__Brief__. Look through the records below for the line with "#10658 = LINE ( 'NONE', #5543, #8253 ) ;". Return that line and each one after it up to and including the line with "#20217 = VECTOR", exactly.

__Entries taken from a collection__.
***

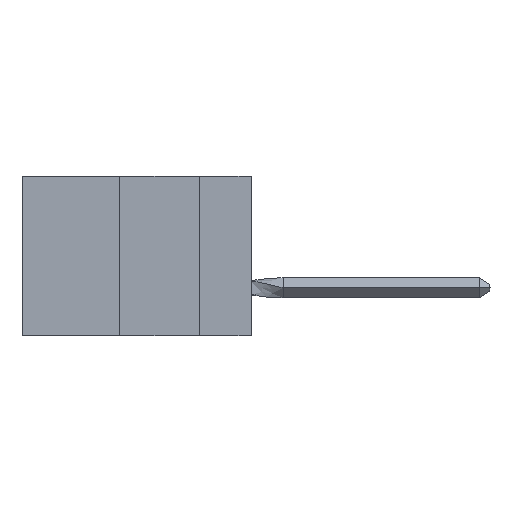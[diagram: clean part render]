
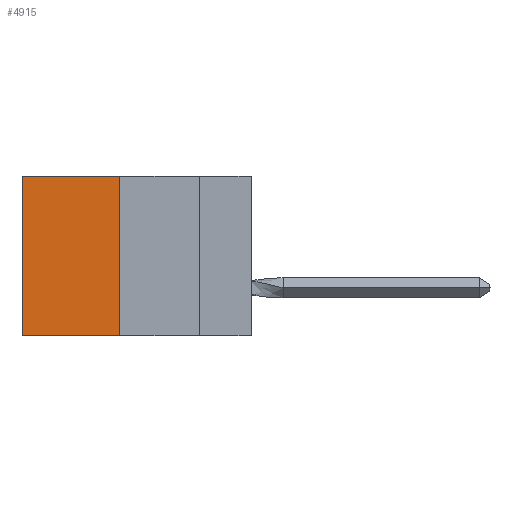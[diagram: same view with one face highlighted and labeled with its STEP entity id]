
A CAD part, left-side view. The second image highlights one B-rep face of the part: STEP entity #4915.
In plain terms, the highlighted planar face has unit normal (-1, 0, 0).
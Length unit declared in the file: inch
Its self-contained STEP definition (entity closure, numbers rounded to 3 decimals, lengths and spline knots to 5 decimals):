
#287 = AXIS2_PLACEMENT_3D ( 'NONE', #13489, #3943, #9607 ) ;
#784 = CARTESIAN_POINT ( 'NONE',  ( 0.305, 0.72, -0.5 ) ) ;
#995 = ORIENTED_EDGE ( 'NONE', *, *, #12921, .F. ) ;
#1220 = CARTESIAN_POINT ( 'NONE',  ( 0.305, 0.413, -0.5 ) ) ;
#1611 = LINE ( 'NONE', #2565, #19175 ) ;
#1693 = LINE ( 'NONE', #5059, #20217 ) ;
#2264 = VERTEX_POINT ( 'NONE', #784 ) ;
#2565 = CARTESIAN_POINT ( 'NONE',  ( 0.305, 0.72, -0.5 ) ) ;
#3943 = DIRECTION ( 'NONE',  ( 1., 0., 0. ) ) ;
#4102 = EDGE_CURVE ( 'NONE', #14536, #2264, #1611, .T. ) ;
#4915 = ADVANCED_FACE ( 'NONE', ( #13965 ), #9454, .F. ) ;
#5059 = CARTESIAN_POINT ( 'NONE',  ( 0.305, 0.413, -0.5 ) ) ;
#5543 = CARTESIAN_POINT ( 'NONE',  ( 0.305, 0.413, 0. ) ) ;
#6363 = ORIENTED_EDGE ( 'NONE', *, *, #14752, .T. ) ;
#6550 = DIRECTION ( 'NONE',  ( 0., 0., -1. ) ) ;
#8253 = VECTOR ( 'NONE', #10916, 39.37008 ) ;
#9454 = PLANE ( 'NONE',  #287 ) ;
#9607 = DIRECTION ( 'NONE',  ( 0., 0., -1. ) ) ;
#10658 = LINE ( 'NONE', #5543, #8253 ) ;
#10891 = ORIENTED_EDGE ( 'NONE', *, *, #4102, .T. ) ;
#10916 = DIRECTION ( 'NONE',  ( 0., 1., 0. ) ) ;
#10968 = DIRECTION ( 'NONE',  ( 0., 0., -1. ) ) ;
#12915 = VERTEX_POINT ( 'NONE', #1220 ) ;
#12921 = EDGE_CURVE ( 'NONE', #14845, #12915, #1693, .T. ) ;
#13165 = ORIENTED_EDGE ( 'NONE', *, *, #14183, .F. ) ;
#13375 = CARTESIAN_POINT ( 'NONE',  ( 0.305, 0.413, 0. ) ) ;
#13489 = CARTESIAN_POINT ( 'NONE',  ( 0.305, 0.413, -0.5 ) ) ;
#13812 = CARTESIAN_POINT ( 'NONE',  ( 0.305, 0.72, 0. ) ) ;
#13965 = FACE_OUTER_BOUND ( 'NONE', #19147, .T. ) ;
#14183 = EDGE_CURVE ( 'NONE', #12915, #2264, #16443, .T. ) ;
#14536 = VERTEX_POINT ( 'NONE', #13812 ) ;
#14752 = EDGE_CURVE ( 'NONE', #14845, #14536, #10658, .T. ) ;
#14845 = VERTEX_POINT ( 'NONE', #13375 ) ;
#15825 = VECTOR ( 'NONE', #17858, 39.37008 ) ;
#16443 = LINE ( 'NONE', #23729, #15825 ) ;
#17858 = DIRECTION ( 'NONE',  ( 0., 1., 0. ) ) ;
#19147 = EDGE_LOOP ( 'NONE', ( #10891, #13165, #995, #6363 ) ) ;
#19175 = VECTOR ( 'NONE', #6550, 39.37008 ) ;
#20217 = VECTOR ( 'NONE', #10968, 39.37008 ) ;
#23729 = CARTESIAN_POINT ( 'NONE',  ( 0.305, 0.413, -0.5 ) ) ;

***

__Solution to this exercise__.
#10658 = LINE ( 'NONE', #5543, #8253 ) ;
#10891 = ORIENTED_EDGE ( 'NONE', *, *, #4102, .T. ) ;
#10916 = DIRECTION ( 'NONE',  ( 0., 1., 0. ) ) ;
#10968 = DIRECTION ( 'NONE',  ( 0., 0., -1. ) ) ;
#12915 = VERTEX_POINT ( 'NONE', #1220 ) ;
#12921 = EDGE_CURVE ( 'NONE', #14845, #12915, #1693, .T. ) ;
#13165 = ORIENTED_EDGE ( 'NONE', *, *, #14183, .F. ) ;
#13375 = CARTESIAN_POINT ( 'NONE',  ( 0.305, 0.413, 0. ) ) ;
#13489 = CARTESIAN_POINT ( 'NONE',  ( 0.305, 0.413, -0.5 ) ) ;
#13812 = CARTESIAN_POINT ( 'NONE',  ( 0.305, 0.72, 0. ) ) ;
#13965 = FACE_OUTER_BOUND ( 'NONE', #19147, .T. ) ;
#14183 = EDGE_CURVE ( 'NONE', #12915, #2264, #16443, .T. ) ;
#14536 = VERTEX_POINT ( 'NONE', #13812 ) ;
#14752 = EDGE_CURVE ( 'NONE', #14845, #14536, #10658, .T. ) ;
#14845 = VERTEX_POINT ( 'NONE', #13375 ) ;
#15825 = VECTOR ( 'NONE', #17858, 39.37008 ) ;
#16443 = LINE ( 'NONE', #23729, #15825 ) ;
#17858 = DIRECTION ( 'NONE',  ( 0., 1., 0. ) ) ;
#19147 = EDGE_LOOP ( 'NONE', ( #10891, #13165, #995, #6363 ) ) ;
#19175 = VECTOR ( 'NONE', #6550, 39.37008 ) ;
#20217 = VECTOR ( 'NONE', #10968, 39.37008 ) ;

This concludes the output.